[Dataset excerpts]
_ _ _ _

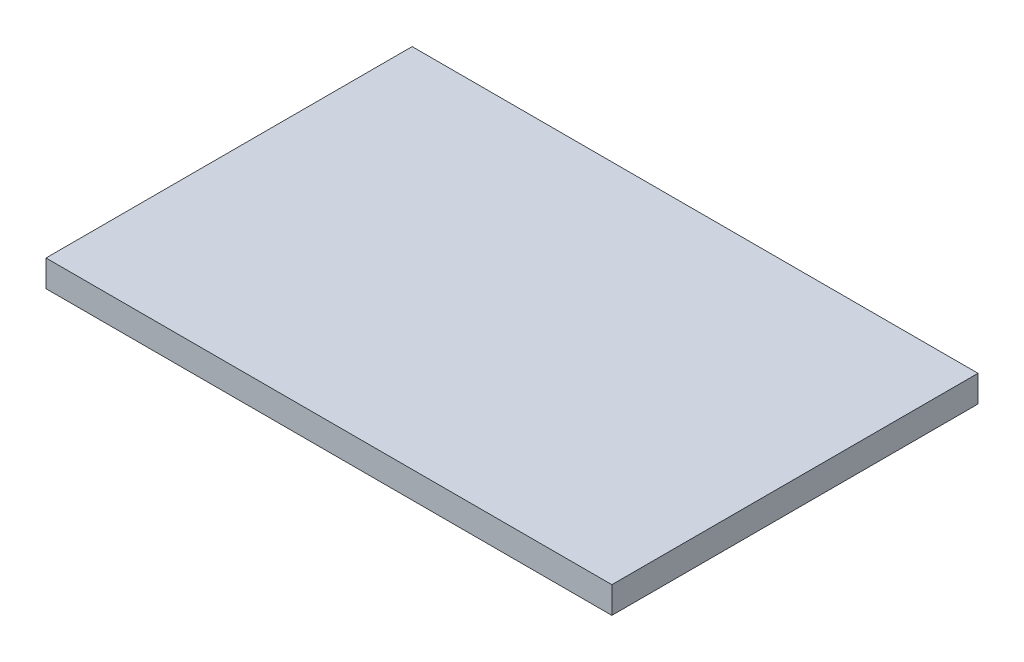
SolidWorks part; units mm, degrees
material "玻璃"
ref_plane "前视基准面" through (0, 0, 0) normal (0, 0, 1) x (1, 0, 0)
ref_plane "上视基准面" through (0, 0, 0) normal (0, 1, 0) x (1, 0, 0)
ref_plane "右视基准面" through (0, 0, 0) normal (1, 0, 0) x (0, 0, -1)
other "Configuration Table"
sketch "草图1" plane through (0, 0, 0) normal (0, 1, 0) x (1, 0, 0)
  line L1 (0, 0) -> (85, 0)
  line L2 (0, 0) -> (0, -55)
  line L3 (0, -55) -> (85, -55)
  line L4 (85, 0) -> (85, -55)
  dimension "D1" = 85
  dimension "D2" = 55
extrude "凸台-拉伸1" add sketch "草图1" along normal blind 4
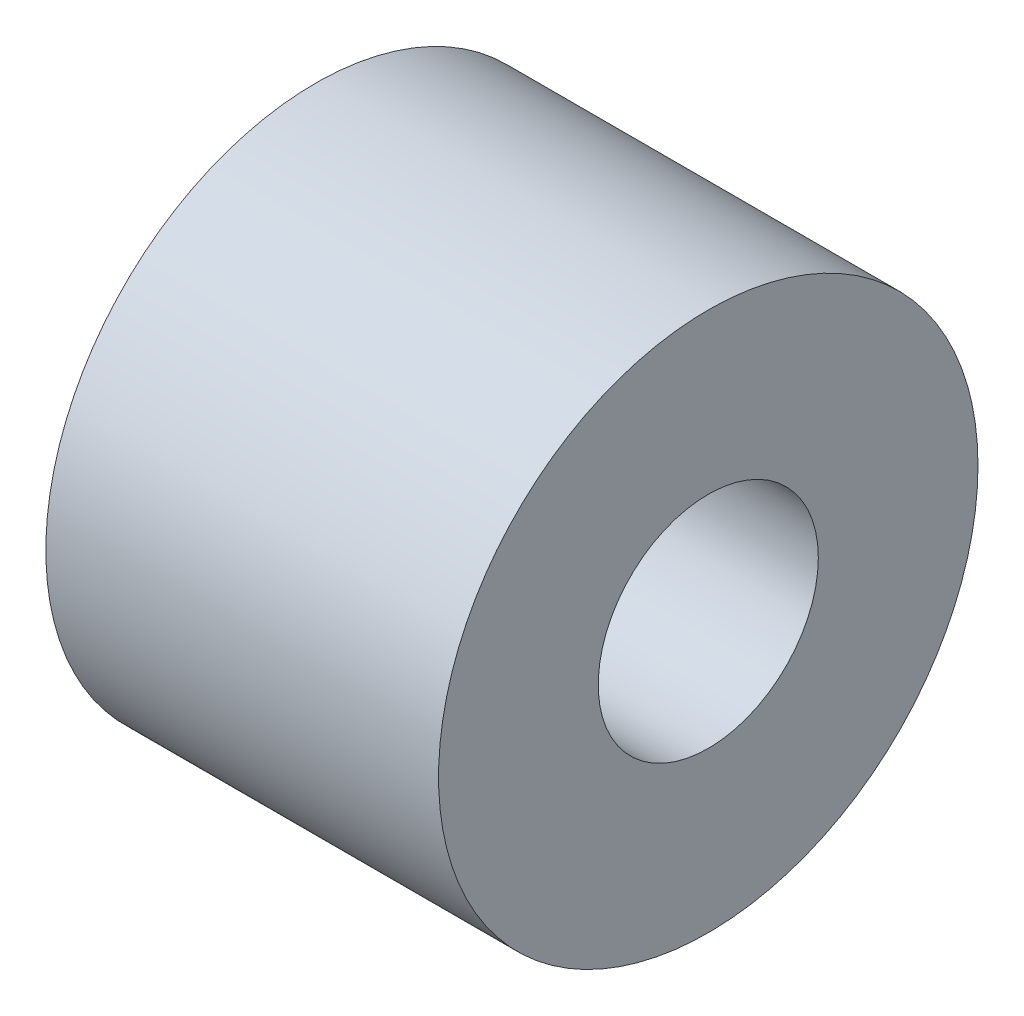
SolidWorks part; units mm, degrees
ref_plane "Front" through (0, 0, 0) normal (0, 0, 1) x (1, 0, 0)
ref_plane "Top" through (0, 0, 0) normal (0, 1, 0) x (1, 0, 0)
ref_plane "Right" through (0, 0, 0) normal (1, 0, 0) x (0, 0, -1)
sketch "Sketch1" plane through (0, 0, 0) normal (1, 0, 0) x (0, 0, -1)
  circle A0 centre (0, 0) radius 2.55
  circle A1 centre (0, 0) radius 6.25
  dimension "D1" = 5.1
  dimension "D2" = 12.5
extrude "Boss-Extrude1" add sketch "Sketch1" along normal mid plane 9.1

_ _ _ _

To do.
The data above are to be repeated word for word, with any pictures left out.

Solution.
SolidWorks part; units mm, degrees
material "玻璃"
ref_plane "前视基准面" through (0, 0, 0) normal (0, 0, 1) x (1, 0, 0)
ref_plane "上视基准面" through (0, 0, 0) normal (0, 1, 0) x (1, 0, 0)
ref_plane "右视基准面" through (0, 0, 0) normal (1, 0, 0) x (0, 0, -1)
other "Configuration Table"
sketch "草图1" plane through (0, 0, 0) normal (0, 1, 0) x (1, 0, 0)
  line L1 (0, 0) -> (85, 0)
  line L2 (0, 0) -> (0, -55)
  line L3 (0, -55) -> (85, -55)
  line L4 (85, 0) -> (85, -55)
  dimension "D1" = 85
  dimension "D2" = 55
extrude "凸台-拉伸1" add sketch "草图1" along normal blind 4
SolidWorks part; units mm, degrees
ref_plane "Front" through (0, 0, 0) normal (0, 0, 1) x (1, 0, 0)
ref_plane "Top" through (0, 0, 0) normal (0, 1, 0) x (1, 0, 0)
ref_plane "Right" through (0, 0, 0) normal (1, 0, 0) x (0, 0, -1)
sketch "Sketch1" plane through (0, 0, 0) normal (1, 0, 0) x (0, 0, -1)
  circle A0 centre (0, 0) radius 2.55
  circle A1 centre (0, 0) radius 6.25
  dimension "D1" = 5.1
  dimension "D2" = 12.5
extrude "Boss-Extrude1" add sketch "Sketch1" along normal mid plane 9.1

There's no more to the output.